Красота сказанного и утешение, которое несли эти слова, наполнили благодарностью душу Энди. Он предложил Шефу трубку:

– Курни. Это тебя взбодрит.

Шеф хрипло хохотнул, глубоко затянулся, надолго задержал дым в легких, потом выкашлял его.

– Чудо! – воскликнул он. – Божья сила! Возобновляемая сила!
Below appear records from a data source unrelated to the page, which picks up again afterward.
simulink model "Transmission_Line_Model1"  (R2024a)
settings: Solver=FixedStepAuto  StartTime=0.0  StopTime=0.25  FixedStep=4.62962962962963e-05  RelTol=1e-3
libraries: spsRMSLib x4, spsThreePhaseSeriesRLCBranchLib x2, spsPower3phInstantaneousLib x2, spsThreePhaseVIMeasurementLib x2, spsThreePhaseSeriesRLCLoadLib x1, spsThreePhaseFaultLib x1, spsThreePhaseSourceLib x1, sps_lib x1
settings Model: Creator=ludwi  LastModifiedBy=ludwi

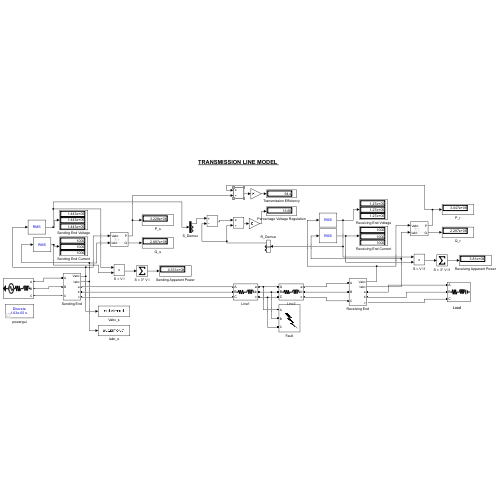
[thumbnail: Simulink's stored preview of the top-level diagram]
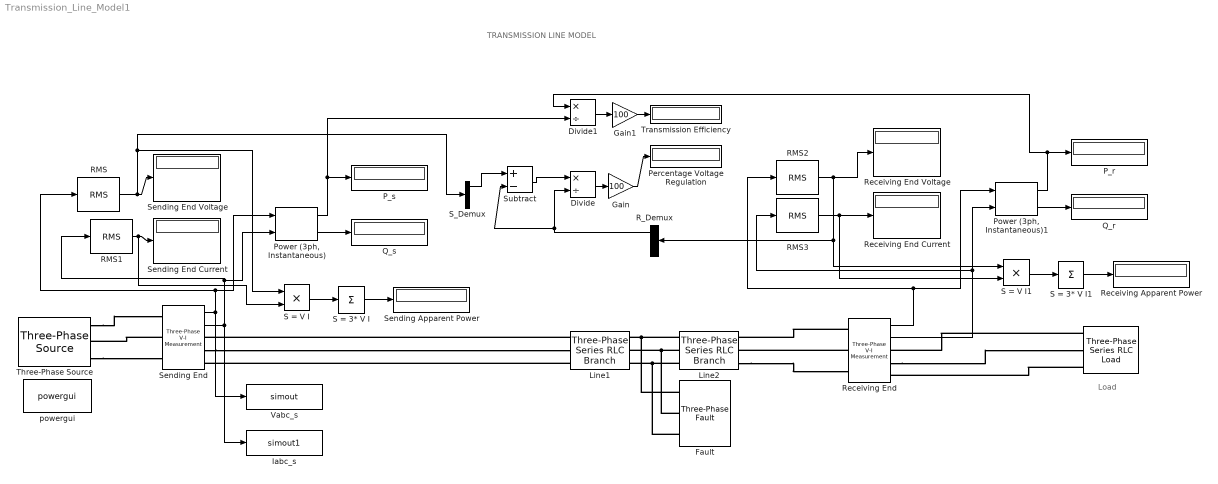
== system Transmission_Line_Model1 ==
  note: Load
  note: TRANSMISSION LINE MODEL
  " " : spsThreePhaseSeriesRLCLoadLib/Three-Phase Series RLC Load  LConnTagsString=A|B|C  Configuration=Y (grounded)  NominalVoltage=220e3  Vabc=[1e3 1e3 1e3]  Vabcp=[1e3 1e3 1e3]  NominalFrequency=60  UnbalancedPower=off  ActivePower=304.8e6  InductivePower=228.8e6  CapacitivePower=0  Pabc=[10e3 9e3 11e3]  QLabc=[100 90 110]  QCabc=[100 90 110]  Pabcp=[10e3 9e3 11e3]  QLabcp=[100 90 110]  QCabcp=[100 90 110]  Measurements=None  LoadType=constant Z
  Divide : Product  Inputs=*/
  Divide1 : Product  Inputs=*/
  Fault : spsThreePhaseFaultLib/Three-Phase Fault  InitialStates=0  FaultA=on  FaultB=off  FaultC=off  GroundFault=off  SwitchTimes=[100]  External=off  SwitchStatus=NaN  FaultResistance=29.17  GroundResistance=29.17  SnubberResistance=1e6  SnubberCapacitance=inf  Measurements=None
  Gain : Gain  Gain=100
  Gain1 : Gain  Gain=100
  Iabc_s : ToWorkspace  VariableName=simout1  SaveFormat=Timeseries  SampleTime=-1
  Line1 : spsThreePhaseSeriesRLCBranchLib/Three-Phase Series RLC Branch  LConnTagsString=A|B|C  RConnTagsString=A|B|C  BranchType=RL  Resistance=2.38837  Inductance=0.021118  Capacitance=1e-6  Measurements=None
  Line2 : spsThreePhaseSeriesRLCBranchLib/Three-Phase Series RLC Branch  LConnTagsString=A|B|C  RConnTagsString=A|B|C  BranchType=RL  Resistance=3.61163  Inductance=0.031934  Capacitance=1e-6  Measurements=None
  P_r : Display
  P_s : Display
  Percentage Voltage Regulation : Display
  "Power (3ph, Instantaneous)" : spsPower3phInstantaneousLib/Power (3ph, Instantaneous)
  "Power (3ph, Instantaneous)1" : spsPower3phInstantaneousLib/Power (3ph, Instantaneous)
  Q_r : Display
  Q_s : Display
  RMS : spsRMSLib/RMS  TrueRMS=on  Freq=60  RMSInit=0  Ts=0
  RMS1 : spsRMSLib/RMS  TrueRMS=on  Freq=60  RMSInit=120  Ts=0
  RMS2 : spsRMSLib/RMS  TrueRMS=on  Freq=60  RMSInit=0  Ts=0
  RMS3 : spsRMSLib/RMS  TrueRMS=on  Freq=60  RMSInit=120  Ts=0
  R_Demux : Demux  Outputs=3
      settings: DisplayOption=none
  Receiving Apparent Power : Display
  Receiving End : spsThreePhaseVIMeasurementLib/Three-Phase V-I Measurement  VoltageMeasurement=phase-to-ground  SetLabelV=off  LabelV=Vabc  Vpu=off  VpuLL=off  CurrentMeasurement=yes  SetLabelI=off  LabelI=Iabc  Ipu=off  Pbase=100e6  Vbase=500e3  OutputType=Complex  PhasorSimulation=off  PSBequivalent=0
  Receiving End Current : Display
  Receiving End Voltage : Display
  S = 3* V I : Sum  Inputs=+
  S = 3* V I1 : Sum  Inputs=+
  S = V I : Product
  S = V I1 : Product
  S_Demux : Demux  Outputs=3
  Sending Apparent Power : Display
  Sending End : spsThreePhaseVIMeasurementLib/Three-Phase V-I Measurement  VoltageMeasurement=phase-to-ground  SetLabelV=off  LabelV=Vabc  Vpu=off  VpuLL=off  CurrentMeasurement=yes  SetLabelI=off  LabelI=Iabc  Ipu=off  Pbase=100e6  Vbase=500e3  OutputType=Complex  PhasorSimulation=off  PSBequivalent=0
  Sending End Current : Display
  Sending End Voltage : Display
  Subtract : Sum  Inputs=+-
  Three-Phase Source : spsThreePhaseSourceLib/Three-Phase Source  InternalConnection=Yg  VoltagePhases=off  Voltage=263.1e3  PhaseAngle=0  Voltage_phases=[25e3 25e3 25e3]/sqrt(3)  PhaseAngles_phases=[0 -120 +120]  Frequency=60  NonIdealSource=on  SpecifyImpedance=off  Resistance=1  Inductance=26.526e-3  ShortCircuitLevel=100e6  BaseVoltage=25e3  XRratio=7  BusType=swing  Pref=10e3  Qref=0  Prefabc=[10e3, 10e3, 10e3]  Qrefabc=[0, 0, 0]  Qmin=-inf  Qmax=inf
  Transmission Efficiency : Display
  Vabc_s : ToWorkspace  VariableName=simout  SaveFormat=Timeseries  SampleTime=-1
  powergui : sps_lib/powergui  Priority=1  SimulationMode=Discrete  SampleTime=4.62962962962963e-05  frequency=60  Iterations=50  frequencyindice=60  Pbase=100e6  ErrMax=1e-4  UnitsV=kV  UnitsW=MW  buscounter=0  FunctionMessages=off  echomessages=off  EnableUseOfTLC=off  CurrentSourceSwitches=off  DisableSnubberDevices=off  DisableRonSwitches=off  DisableVfSwitches=off  DisplayEquations=off  AutomaticDiscreteSolvers=off  SolverType=Tustin/Backward Euler (TBE)  Interpol=off  ExternalGateDelay=off  methode=off  Ts=100  x0status=blocks  SPID=on  SwTol=0  HookPort=off  NonlinearTolerance=1e-4  nMaxIteration=100  ContinueOnMaxIteration=off  RestoreLinks=warning  ResistiveCurrentMeasurement=off  Frange=[0:2:500]  Ylog=off  Xlog=on  ShowGrid=off  save=off  variable=ZData  structure=0  ZoomFFT=off  StartTime=0.0  cycles=1  DisplayStyle=1  fundamental=60  FreqAxis=off  MaxFrequency=1000  frequencyindicesteady=1  RmsSteady=1  display=off
  wires:
  Sending End/1 -> RMS/1, "Power (3ph, Instantaneous)"/1, Vabc_s/1
  RMS1/1 -> S = V I/2, Sending End Current/1
  Sending End/2 -> "Power (3ph, Instantaneous)"/2, RMS1/1, Iabc_s/1
  "Power (3ph, Instantaneous)"/1 -> Divide1/2, P_s/1
  "Power (3ph, Instantaneous)"/2 -> Q_s/1
  S = V I/1 -> S = 3* V I/1
  S = 3* V I/1 -> Sending Apparent Power/1
  "Power (3ph, Instantaneous)1"/1 -> P_r/1, Divide1/1
  "Power (3ph, Instantaneous)1"/2 -> Q_r/1
  S = V I1/1 -> S = 3* V I1/1
  RMS2/1 -> S = V I1/1, R_Demux/1, Receiving End Voltage/1
  S = 3* V I1/1 -> Receiving Apparent Power/1
  RMS3/1 -> S = V I1/2, Receiving End Current/1
  Receiving End/1 -> "Power (3ph, Instantaneous)1"/1, RMS2/1
  Receiving End/2 -> "Power (3ph, Instantaneous)1"/2, RMS3/1
  RMS/1 -> S_Demux/1, S = V I/1, Sending End Voltage/1
  Subtract/1 -> Divide/1
  Divide/1 -> Gain/1
  S_Demux/1 -> Subtract/1
  Gain/1 -> Percentage Voltage Regulation/1
  R_Demux/1 -> Divide/2, Subtract/2
  Divide1/1 -> Gain1/1
  Gain1/1 -> Transmission Efficiency/1
  connections:
  Three-Phase Source/RConn1 -- Sending End/LConn1
  Sending End/LConn2 -- Three-Phase Source/RConn2
  Three-Phase Source/RConn3 -- Sending End/LConn3
  Line1/LConn1 -- Sending End/RConn1
  Sending End/RConn2 -- Line1/LConn2
  Line1/LConn3 -- Sending End/RConn3
  " "/LConn1 -- Receiving End/RConn1
  Receiving End/RConn2 -- " "/LConn2
  " "/LConn3 -- Receiving End/RConn3
  Line2/LConn1 -- Fault/LConn1 -- Line1/RConn1
  Line2/LConn2 -- Line1/RConn2 -- Fault/LConn2
  Line2/LConn3 -- Line1/RConn3 -- Fault/LConn3
  Receiving End/LConn1 -- Line2/RConn1
  Receiving End/LConn2 -- Line2/RConn2
  Line2/RConn3 -- Receiving End/LConn3

– Ты все понимаешь правильно, – согласился Энди. Так всегда говорила Доди, и от мысли о ней у Сандерса вновь разбилось сердце. Он рассеянно вытер глаза. – Где ты взял крест?

Шеф указал фонариком на радиостудию:

– В кабинете Коггинса. Он держал его в столе. Верхний ящик был заперт, но я его взломал. Ты знаешь, что я там нашел? Никогда не видел таких странных картинок для дрочки.

– Дети? – спросил Энди. Его бы это не удивило. Когда дьявол забирает проповедника, тот должен пасть очень уж низко. Настолько низко, что может надеть на голову цилиндр и проползти под гремучей змеей.

– Хуже, Сандерс. – Шеф понизил голос: – Азиатки.

Шеф поднял АК‑47 Сандерса, который лежал поперек бедер Энди. Направил луч на приклад, где Энди, воспользовавшись маркерами, аккуратно вывел слово «Клодетт».

– Моя жена, – пояснил Энди. – Первая жертва Купола.

Шеф схватил его за плечо.

– Ты хороший человек, раз помнишь ее. Я рад, что Господь свел нас вместе.

– Я тоже. – Энди вернул себе трубку. – Я тоже, Шеф.

– Ты знаешь, что должно завтра случиться, да?

Энди крепко сжал приклад автомата. Другого ответа не требовалось.

– Они практически наверняка будут в бронежилетах, поэтому, если нам придется воевать, целься в голову. И никаких отдельных выстрелов, поливай их очередями. И если будет казаться, что они берут верх… ты знаешь, что за этим последует, да?

– Да.

– Мы вместе до самого конца, Сандерс? – Шеф поднял гаражный пульт и направил на него луч фонаря.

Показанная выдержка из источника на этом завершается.